You can inject JavaScript code into the pages you test, for example to:

  • Set a cookie that hides a GDPR notice
  • Wait for a button to appear and click it
  • Setting a localStorage key that controls A/B tests
  • Scroll down the page to load lazy loaded images

Read more about using script injection to script user journeys.

Writing and testing your script

The easiest way to make sure your script works is to open your page and run the script in the Chrome DevTools console.

If you use the waitFor and waitForElement functions you'll also need to inject this file into the console.

How to set up script injection

In the page settings, expand Advanced Settings and then select the Run JavaScript option.

Run JavaScript setting

Click Add JavaScript Snippet and either select a previously created snippet or Create a new one.

JavaScript snippet dialog

Pick a name for your snippet and write the code you want to run. Then click Create and save your page settings.

caution

The script runs as soon as the page starts loading, so for example the body tag won't be present yet at that point. Use logic like await waitForElement("body") if you want to interact with page content.

Run JavaScript form

Example scripts

DebugBear provides a couple of common example scripts that you can use as a basis for your own code. Click on Show Code Examples to view them.

Show code examples button

Select the script you want to use from the dropdown, then click Use this code snippet to prefill the form.

Example script

The following examples are currently available:

  • Set cookie/localStorage
  • Accept cookie banner
  • Scroll down the page
  • Custom timing metrics
  • On-page user flow
  • Hide loading spinner

Helper functions

The injected scripts run as soon as the document starts to load.
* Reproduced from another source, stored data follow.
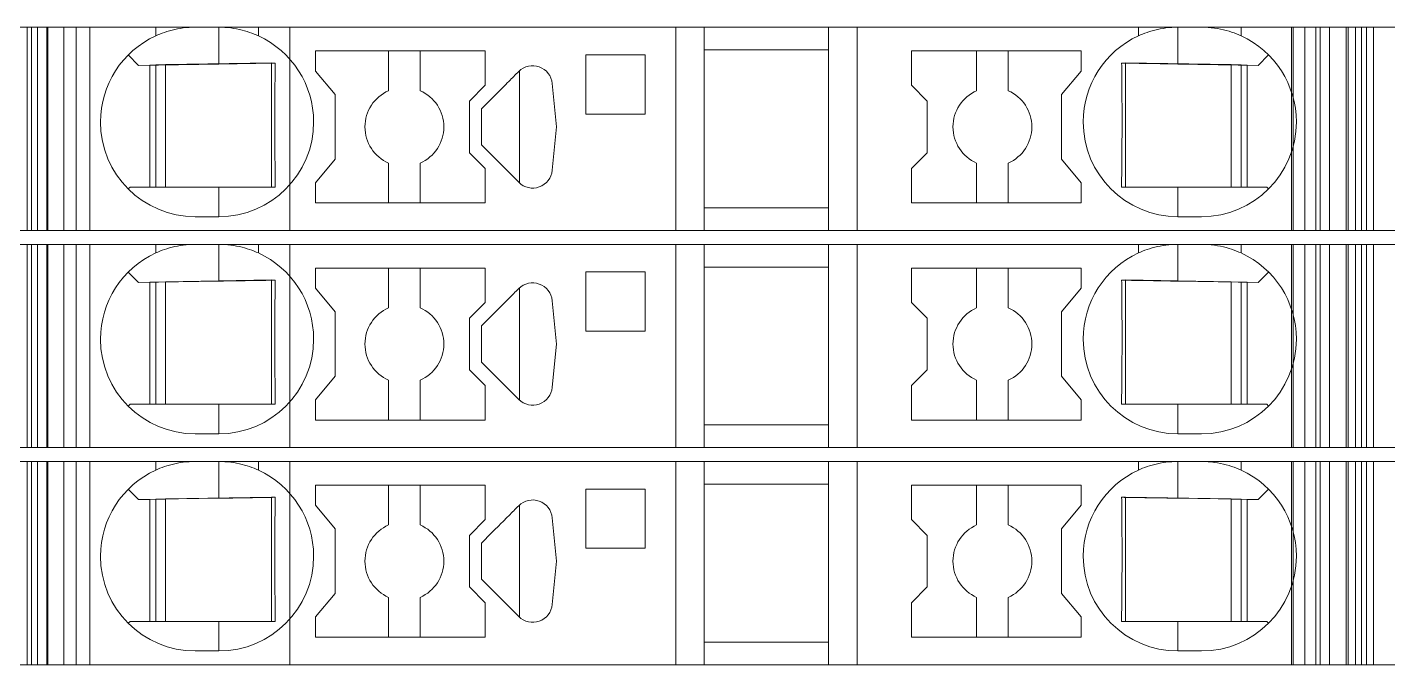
# Model space of a CAD drawing. Header units: millimetres. Extents: x 0 to 1680, y 0 to 1188.
# Drawn here: x 859.89 to 894.37, y 406.85 to 423 of the extents above; entities that cross this region are included whole.
import ezdxf
from ezdxf.enums import TextEntityAlignment as Align

# ---------------------------------------------------------------- set-up
doc = ezdxf.new("R2010")
doc.units = ezdxf.units.MM
for name, color, linetype, lineweight in [('EPLAN309', 5, 'Continuous', 5), ('EPLAN493', 5, 'Continuous', 5), ('MAIN-1', 7, 'Continuous', 5), ('MAIN-2', 7, 'Continuous', 5)]:
    doc.layers.add(name, color=color, linetype=linetype, lineweight=lineweight)
doc.styles.add('Tahoma', font='')
doc.styles.get('Tahoma').set_extended_font_data('Tahoma')

# ---------------------------------------------------------------- blocks, each defined once
blk = doc.blocks.new('EPLSYM_LibrarySPECIAL_Symbol12_Variant0_Placement8_27')
at = {"layer": 'EPLAN309', "lineweight": 13, "ltscale": 16}
blk.add_lwpolyline([(0, -5.15), (68.15, -5.15), (68.15, 0), (0, 0)], close=True, dxfattribs=at)
at = {"layer": 'EPLAN493', "color": 5, "style": 'Tahoma'}
blk.add_attdef('17_20450', text='', height=2.3478, dxfattribs=at).set_placement((0, -21.83478), align=Align.MIDDLE_RIGHT)
blk = doc.blocks.new('EPLSYM_LibrarySPECIAL_Symbol12_Variant0_Placement8_28')
at = {"layer": 'EPLAN309', "lineweight": 13, "ltscale": 16}
blk.add_lwpolyline([(0, -5.15), (68.15, -5.15), (68.15, 0), (0, 0)], close=True, dxfattribs=at)
at = {"layer": 'EPLAN493', "color": 5, "style": 'Tahoma'}
blk.add_attdef('17_20450', text='', height=2.3478, dxfattribs=at).set_placement((0, -21.83478), align=Align.MIDDLE_RIGHT)
blk = doc.blocks.new('EPLSYM_LibrarySPECIAL_Symbol12_Variant0_Placement8_29')
at = {"layer": 'EPLAN309', "lineweight": 13, "ltscale": 16}
blk.add_lwpolyline([(0, -5.15), (68.15, -5.15), (68.15, 0), (0, 0)], close=True, dxfattribs=at)
at = {"layer": 'EPLAN493', "color": 5, "style": 'Tahoma'}
blk.add_attdef('17_20450', text='', height=2.3478, dxfattribs=at).set_placement((0, -21.83478), align=Align.MIDDLE_RIGHT)

msp = doc.modelspace()

# ---------------------------------------------------------------- linework, layer by layer
at = {"layer": 'MAIN-1'}
for p, q in [((860.001, 423), (859.893, 423)), ((859.893, 417.85), (859.893, 423)), ((860.001, 423), (863.15, 423)), ((860.001, 417.85), (860.001, 423)), ((863.15, 423), (864.15, 423)), ((863.15, 423), (863.15, 422.782)), ((863.921, 422.989), (863.997, 422.995)), ((863.997, 422.995), (864.073, 422.999)), ((864.073, 422.999), (864.15, 423)), ((864.75, 423), (864.15, 423)), ((864.827, 422.999), (864.75, 423)), ((865.75, 423), (864.75, 423)), ((864.75, 422.068), (864.75, 423)), ((864.903, 422.995), (864.827, 422.999)), ((864.979, 422.989), (864.903, 422.995)), ((865.75, 423), (876.332, 423)), ((865.75, 423), (865.75, 422.782)), ((877.05, 423), (876.332, 423)), ((876.332, 417.85), (876.332, 423)), ((877.05, 423), (880.2, 423)), ((877.05, 423), (877.05, 417.85)), ((880.919, 423), (880.2, 423)), ((880.2, 417.85), (880.2, 423)), ((888.05, 423), (880.919, 423)), ((880.919, 423), (880.919, 417.85)), ((888.05, 423), (889.05, 423)), ((888.05, 422.782), (888.05, 423)), ((888.897, 422.995), (888.821, 422.989)), ((888.973, 422.999), (888.897, 422.995)), ((889.05, 423), (888.973, 422.999)), ((889.05, 422.068), (889.05, 423)), ((889.05, 423), (889.65, 423)), ((889.65, 423), (889.732, 422.999)), ((890.65, 423), (889.65, 423)), ((889.732, 422.999), (889.814, 422.994)), ((889.814, 422.994), (889.896, 422.987)), ((890.65, 423), (893.704, 423)), ((890.65, 422.782), (890.65, 423)), ((893.832, 423), (893.704, 423)), ((893.704, 417.85), (893.704, 423)), ((893.832, 423), (894.367, 423)), ((893.832, 417.85), (893.832, 423)), ((863.15, 422.782), (863.202, 422.805)), ((863.202, 422.805), (863.256, 422.827)), ((863.256, 422.827), (863.313, 422.849)), ((863.313, 422.849), (863.372, 422.87)), ((863.372, 422.87), (863.433, 422.89)), ((863.433, 422.89), (863.497, 422.909)), ((863.497, 422.909), (863.563, 422.927)), ((863.563, 422.927), (863.631, 422.943)), ((863.631, 422.943), (863.701, 422.958)), ((863.701, 422.958), (863.772, 422.97)), ((863.772, 422.97), (863.846, 422.981)), ((863.846, 422.981), (863.921, 422.989)), ((865.054, 422.981), (864.979, 422.989)), ((865.128, 422.97), (865.054, 422.981)), ((865.199, 422.958), (865.128, 422.97)), ((865.269, 422.943), (865.199, 422.958)), ((865.337, 422.927), (865.269, 422.943)), ((865.403, 422.909), (865.337, 422.927)), ((865.467, 422.89), (865.403, 422.909)), ((865.528, 422.87), (865.467, 422.89)), ((865.587, 422.849), (865.528, 422.87)), ((865.644, 422.827), (865.587, 422.849)), ((865.698, 422.805), (865.644, 422.827)), ((865.75, 422.782), (865.698, 422.805)), ((888.102, 422.805), (888.05, 422.782)), ((888.156, 422.827), (888.102, 422.805)), ((888.213, 422.849), (888.156, 422.827)), ((888.272, 422.87), (888.213, 422.849)), ((888.333, 422.89), (888.272, 422.87)), ((888.397, 422.909), (888.333, 422.89)), ((888.463, 422.927), (888.397, 422.909)), ((888.531, 422.943), (888.463, 422.927)), ((888.601, 422.958), (888.531, 422.943)), ((888.673, 422.97), (888.601, 422.958)), ((888.746, 422.981), (888.673, 422.97)), ((888.821, 422.989), (888.746, 422.981)), ((889.896, 422.987), (889.975, 422.978)), ((889.975, 422.978), (890.053, 422.966)), ((890.053, 422.966), (890.13, 422.952)), ((890.13, 422.952), (890.204, 422.935)), ((890.204, 422.935), (890.275, 422.917)), ((890.275, 422.917), (890.345, 422.897)), ((890.345, 422.897), (890.411, 422.876)), ((890.411, 422.876), (890.475, 422.854)), ((890.475, 422.854), (890.536, 422.831)), ((890.536, 422.831), (890.594, 422.806)), ((890.594, 422.806), (890.65, 422.782)), ((867.2, 422.4), (867.2, 421.889)), ((871.5, 422.4), (867.2, 422.4)), ((869.05, 422.4), (869.05, 421.392)), ((869.85, 421.392), (869.85, 422.4)), ((871.5, 421.529), (871.5, 422.4)), ((877.05, 422.425), (880.2, 422.425)), ((882.3, 422.4), (882.3, 421.529)), ((882.3, 422.4), (886.6, 422.4)), ((883.95, 422.4), (883.95, 421.392)), ((884.75, 421.392), (884.75, 422.4)), ((886.6, 421.889), (886.6, 422.4)), ((862.453, 422.297), (862.717, 422.033)), ((862.717, 422.033), (864.75, 422.068)), ((863, 418.95), (863, 422.038)), ((863.15, 422.04), (863.15, 418.95)), ((863.4, 418.95), (863.4, 422.045)), ((864.87, 422.07), (864.75, 422.068)), ((864.987, 422.072), (864.87, 422.07)), ((865.1, 422.074), (864.987, 422.072)), ((865.209, 422.076), (865.1, 422.074)), ((865.313, 422.078), (865.209, 422.076)), ((865.412, 422.079), (865.313, 422.078)), ((865.507, 422.081), (865.412, 422.079)), ((865.599, 422.083), (865.507, 422.081)), ((865.688, 422.084), (865.599, 422.083)), ((865.774, 422.086), (865.688, 422.084)), ((865.858, 422.087), (865.774, 422.086)), ((865.94, 422.088), (865.858, 422.087)), ((866.02, 422.09), (865.94, 422.088)), ((866.099, 422.091), (866.02, 422.09)), ((866.079, 418.95), (866.079, 422.091)), ((866.176, 422.092), (866.099, 422.091)), ((866.175, 421.95), (866.176, 422.022)), ((866.176, 422.022), (866.176, 422.092)), ((874.05, 422.3), (874.05, 420.8)), ((875.55, 422.3), (874.05, 422.3)), ((875.55, 420.8), (875.55, 422.3)), ((887.624, 422.092), (887.625, 422.022)), ((887.685, 422.091), (887.624, 422.092)), ((887.625, 422.022), (887.625, 421.95)), ((887.746, 422.09), (887.685, 422.091)), ((887.721, 422.091), (887.721, 418.95)), ((887.809, 422.089), (887.746, 422.09)), ((887.873, 422.088), (887.809, 422.089)), ((887.937, 422.087), (887.873, 422.088)), ((888.003, 422.086), (887.937, 422.087)), ((888.071, 422.085), (888.003, 422.086)), ((888.14, 422.084), (888.071, 422.085)), ((888.21, 422.082), (888.14, 422.084)), ((888.283, 422.081), (888.21, 422.082)), ((888.358, 422.08), (888.283, 422.081)), ((888.435, 422.079), (888.358, 422.08)), ((888.514, 422.077), (888.435, 422.079)), ((888.597, 422.076), (888.514, 422.077)), ((888.682, 422.075), (888.597, 422.076)), ((888.771, 422.073), (888.682, 422.075)), ((888.862, 422.071), (888.771, 422.073)), ((888.955, 422.07), (888.862, 422.071)), ((889.05, 422.068), (888.955, 422.07)), ((889.05, 422.068), (891.083, 422.033)), ((890.4, 422.045), (890.4, 418.95)), ((890.65, 418.95), (890.65, 422.04)), ((890.8, 422.038), (890.8, 418.95)), ((891.083, 422.033), (891.347, 422.297)), ((866.171, 421.57), (866.172, 421.649)), ((866.172, 421.649), (866.173, 421.727)), ((866.173, 421.803), (866.174, 421.877)), ((866.173, 421.727), (866.173, 421.803)), ((866.174, 421.877), (866.175, 421.95)), ((867.7, 421.293), (867.2, 421.889)), ((872.094, 421.626), (872.058, 421.59)), ((872.127, 421.659), (872.094, 421.626)), ((872.158, 421.691), (872.127, 421.659)), ((872.19, 421.722), (872.158, 421.691)), ((872.221, 421.753), (872.19, 421.722)), ((872.252, 421.785), (872.221, 421.753)), ((872.284, 421.816), (872.252, 421.785)), ((872.315, 421.847), (872.284, 421.816)), ((872.346, 421.879), (872.315, 421.847)), ((872.367, 421.898), (872.367, 419.052)), ((886.1, 421.293), (886.6, 421.889)), ((887.625, 421.95), (887.626, 421.877)), ((887.626, 421.877), (887.627, 421.803)), ((887.627, 421.803), (887.628, 421.727)), ((887.628, 421.727), (887.628, 421.649)), ((887.628, 421.649), (887.629, 421.57)), ((866.169, 421.317), (866.17, 421.404)), ((866.169, 421.226), (866.169, 421.317)), ((866.17, 421.488), (866.171, 421.57)), ((866.17, 421.404), (866.17, 421.488)), ((867.7, 419.657), (867.7, 421.293)), ((871.1, 421.129), (871.5, 421.529)), ((871.742, 421.274), (871.658, 421.19)), ((871.823, 421.356), (871.742, 421.274)), ((871.902, 421.434), (871.823, 421.356)), ((871.943, 421.475), (871.902, 421.434)), ((871.983, 421.515), (871.943, 421.475)), ((872.021, 421.553), (871.983, 421.515)), ((872.058, 421.59), (872.021, 421.553)), ((873.302, 420.475), (873.198, 421.572)), ((882.7, 421.129), (882.3, 421.529)), ((886.1, 421.293), (886.1, 419.657)), ((887.629, 421.57), (887.63, 421.488)), ((887.63, 421.488), (887.63, 421.404)), ((887.63, 421.404), (887.631, 421.317)), ((887.631, 421.317), (887.631, 421.226)), ((866.167, 420.931), (866.168, 421.034)), ((866.167, 420.824), (866.167, 420.931)), ((866.168, 421.132), (866.169, 421.226)), ((866.168, 421.034), (866.168, 421.132)), ((871.1, 421.129), (871.1, 419.821)), ((871.486, 421.018), (871.4, 420.932)), ((871.4, 420.802), (871.4, 420.932)), ((871.572, 421.104), (871.486, 421.018)), ((871.658, 421.19), (871.572, 421.104)), ((882.7, 421.129), (882.7, 419.821)), ((887.631, 421.226), (887.632, 421.132)), ((887.632, 421.132), (887.633, 421.034)), ((887.633, 421.034), (887.633, 420.931)), ((887.633, 420.931), (887.633, 420.824)), ((866.167, 420.713), (866.167, 420.824)), ((866.167, 420.6), (866.167, 420.713)), ((866.167, 420.479), (866.167, 420.6)), ((871.4, 420.671), (871.4, 420.802)), ((871.4, 420.54), (871.4, 420.671)), ((874.05, 420.8), (875.55, 420.8)), ((887.633, 420.824), (887.633, 420.713)), ((887.633, 420.713), (887.634, 420.6)), ((887.634, 420.6), (887.633, 420.479)), ((866.167, 420.361), (866.167, 420.479)), ((866.167, 420.247), (866.167, 420.361)), ((866.168, 420.138), (866.167, 420.247)), ((871.4, 420.41), (871.4, 420.54)), ((871.4, 420.279), (871.4, 420.41)), ((871.4, 420.148), (871.4, 420.279)), ((873.198, 419.378), (873.302, 420.475)), ((887.633, 420.247), (887.632, 420.138)), ((887.633, 420.479), (887.633, 420.361)), ((887.633, 420.361), (887.633, 420.247)), ((866.168, 420.034), (866.168, 420.138)), ((866.169, 419.934), (866.168, 420.034)), ((866.169, 419.839), (866.169, 419.934)), ((871.4, 420.018), (871.4, 420.148)), ((871.4, 420.018), (872.346, 419.071)), ((887.632, 420.034), (887.631, 419.934)), ((887.631, 419.934), (887.631, 419.839)), ((887.632, 420.138), (887.632, 420.034)), ((866.17, 419.748), (866.169, 419.839)), ((866.171, 419.659), (866.17, 419.748)), ((866.172, 419.573), (866.171, 419.659)), ((866.172, 419.49), (866.172, 419.573)), ((867.2, 419.061), (867.7, 419.657)), ((869.05, 418.55), (869.05, 419.558)), ((869.85, 418.55), (869.85, 419.558)), ((871.5, 419.421), (871.1, 419.821)), ((882.7, 419.821), (882.3, 419.421)), ((883.95, 419.558), (883.95, 418.55)), ((884.75, 419.558), (884.75, 418.55)), ((886.1, 419.657), (886.6, 419.061)), ((887.629, 419.659), (887.628, 419.573)), ((887.628, 419.573), (887.628, 419.49)), ((887.63, 419.748), (887.629, 419.659)), ((887.631, 419.839), (887.63, 419.748)), ((866.173, 419.408), (866.172, 419.49)), ((866.174, 419.329), (866.173, 419.408)), ((866.175, 419.25), (866.174, 419.329)), ((866.176, 419.174), (866.175, 419.25)), ((871.5, 418.55), (871.5, 419.421)), ((882.3, 419.421), (882.3, 418.55)), ((887.625, 419.25), (887.624, 419.174)), ((887.626, 419.329), (887.625, 419.25)), ((887.627, 419.408), (887.626, 419.329)), ((887.628, 419.49), (887.627, 419.408)), ((862.5, 418.95), (862.453, 418.903)), ((862.5, 418.95), (864.75, 418.95)), ((864.75, 418.95), (864.842, 418.95)), ((864.75, 418.95), (864.75, 418.2)), ((864.842, 418.95), (864.933, 418.95)), ((864.933, 418.95), (865.023, 418.95)), ((865.023, 418.95), (865.11, 418.95)), ((865.11, 418.95), (865.195, 418.95)), ((865.195, 418.95), (865.278, 418.95)), ((865.278, 418.95), (865.358, 418.95)), ((865.358, 418.95), (865.436, 418.95)), ((865.436, 418.95), (865.511, 418.95)), ((865.511, 418.95), (865.585, 418.95)), ((865.585, 418.95), (865.657, 418.95)), ((865.657, 418.95), (865.726, 418.95)), ((865.726, 418.95), (865.795, 418.95)), ((865.795, 418.95), (865.861, 418.95)), ((865.861, 418.95), (865.927, 418.95)), ((865.927, 418.95), (865.991, 418.95)), ((865.991, 418.95), (866.055, 418.95)), ((866.055, 418.95), (866.117, 418.95)), ((866.117, 418.95), (866.178, 418.95)), ((866.176, 419.098), (866.176, 419.174)), ((866.177, 419.024), (866.176, 419.098)), ((866.178, 418.95), (866.177, 419.024)), ((867.2, 419.061), (867.2, 418.55)), ((886.6, 418.55), (886.6, 419.061)), ((887.623, 419.024), (887.622, 418.95)), ((887.622, 418.95), (887.683, 418.95)), ((887.624, 419.098), (887.623, 419.024)), ((887.624, 419.174), (887.624, 419.098)), ((887.683, 418.95), (887.746, 418.95)), ((887.746, 418.95), (887.809, 418.95)), ((887.809, 418.95), (887.873, 418.95)), ((887.873, 418.95), (887.939, 418.95)), ((887.939, 418.95), (888.005, 418.95)), ((888.005, 418.95), (888.074, 418.95)), ((888.074, 418.95), (888.144, 418.95)), ((888.144, 418.95), (888.215, 418.95)), ((888.215, 418.95), (888.289, 418.95)), ((888.289, 418.95), (888.364, 418.95)), ((888.364, 418.95), (888.442, 418.95)), ((888.442, 418.95), (888.522, 418.95)), ((888.522, 418.95), (888.605, 418.95)), ((888.605, 418.95), (888.69, 418.95)), ((888.69, 418.95), (888.778, 418.95)), ((888.778, 418.95), (888.867, 418.95)), ((888.867, 418.95), (888.958, 418.95)), ((888.958, 418.95), (889.05, 418.95)), ((889.05, 418.95), (891.3, 418.95)), ((889.05, 418.95), (889.05, 418.2)), ((891.347, 418.903), (891.3, 418.95)), ((871.5, 418.55), (867.2, 418.55)), ((886.6, 418.55), (882.3, 418.55)), ((864.75, 418.2), (864.15, 418.2)), ((877.05, 418.425), (880.2, 418.425)), ((889.65, 418.2), (889.05, 418.2)), ((860.001, 417.85), (859.893, 417.85)), ((860.001, 417.85), (876.332, 417.85)), ((877.05, 417.85), (876.332, 417.85)), ((877.05, 417.85), (880.2, 417.85)), ((880.919, 417.85), (880.2, 417.85)), ((880.919, 417.85), (893.704, 417.85)), ((892.544, 417.85), (892.544, 417.85)), ((892.65, 417.85), (892.65, 417.85)), ((893.832, 417.85), (893.704, 417.85)), ((893.832, 417.85), (894.367, 417.85)), ((860.001, 417.5), (859.893, 417.5)), ((859.893, 412.35), (859.893, 417.5)), ((860.001, 417.5), (863.15, 417.5)), ((860.001, 412.35), (860.001, 417.5)), ((863.15, 417.5), (864.15, 417.5)), ((863.15, 417.5), (863.15, 417.282)), ((863.772, 417.47), (863.846, 417.481)), ((863.846, 417.481), (863.921, 417.489)), ((863.921, 417.489), (863.997, 417.495)), ((863.997, 417.495), (864.073, 417.499)), ((864.073, 417.499), (864.15, 417.5)), ((864.75, 417.5), (864.15, 417.5)), ((864.827, 417.499), (864.75, 417.5)), ((865.75, 417.5), (864.75, 417.5)), ((864.75, 416.568), (864.75, 417.5)), ((864.903, 417.495), (864.827, 417.499)), ((864.979, 417.489), (864.903, 417.495)), ((865.054, 417.481), (864.979, 417.489)), ((865.128, 417.47), (865.054, 417.481)), ((865.75, 417.5), (876.332, 417.5)), ((865.75, 417.5), (865.75, 417.282)), ((877.05, 417.5), (876.332, 417.5)), ((876.332, 412.35), (876.332, 417.5)), ((877.05, 417.5), (880.2, 417.5)), ((877.05, 417.5), (877.05, 412.35)), ((880.919, 417.5), (880.2, 417.5)), ((880.2, 412.35), (880.2, 417.5)), ((888.05, 417.5), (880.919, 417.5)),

If you want to interact with the DOM you'll need to first wait for the element to be rendered.

The waitForElement and waitFor helper functions make this easier, and are automatically available when running your scripts on DebugBear.

Use this file when testing your scripts in your browser's console.

waitForElement

This function returns a Promise that resolves when a given DOM element has been found. You can use async/await in your script, like this:

const btn = await waitForElement("#open-modal-button")
btn.click()

The containingText parameter lets you find an element whose textContent includes the given value. This is useful when the element doesn't have a unique selector.

const link = await waitForElement("a", { containingText: "My Account" })
link.click()

You can also pass the additional timeout and checkInterval options, which are described below.

waitFor

waitFor is a more generic version of waitForElement. It waits until a function returns a truthy value.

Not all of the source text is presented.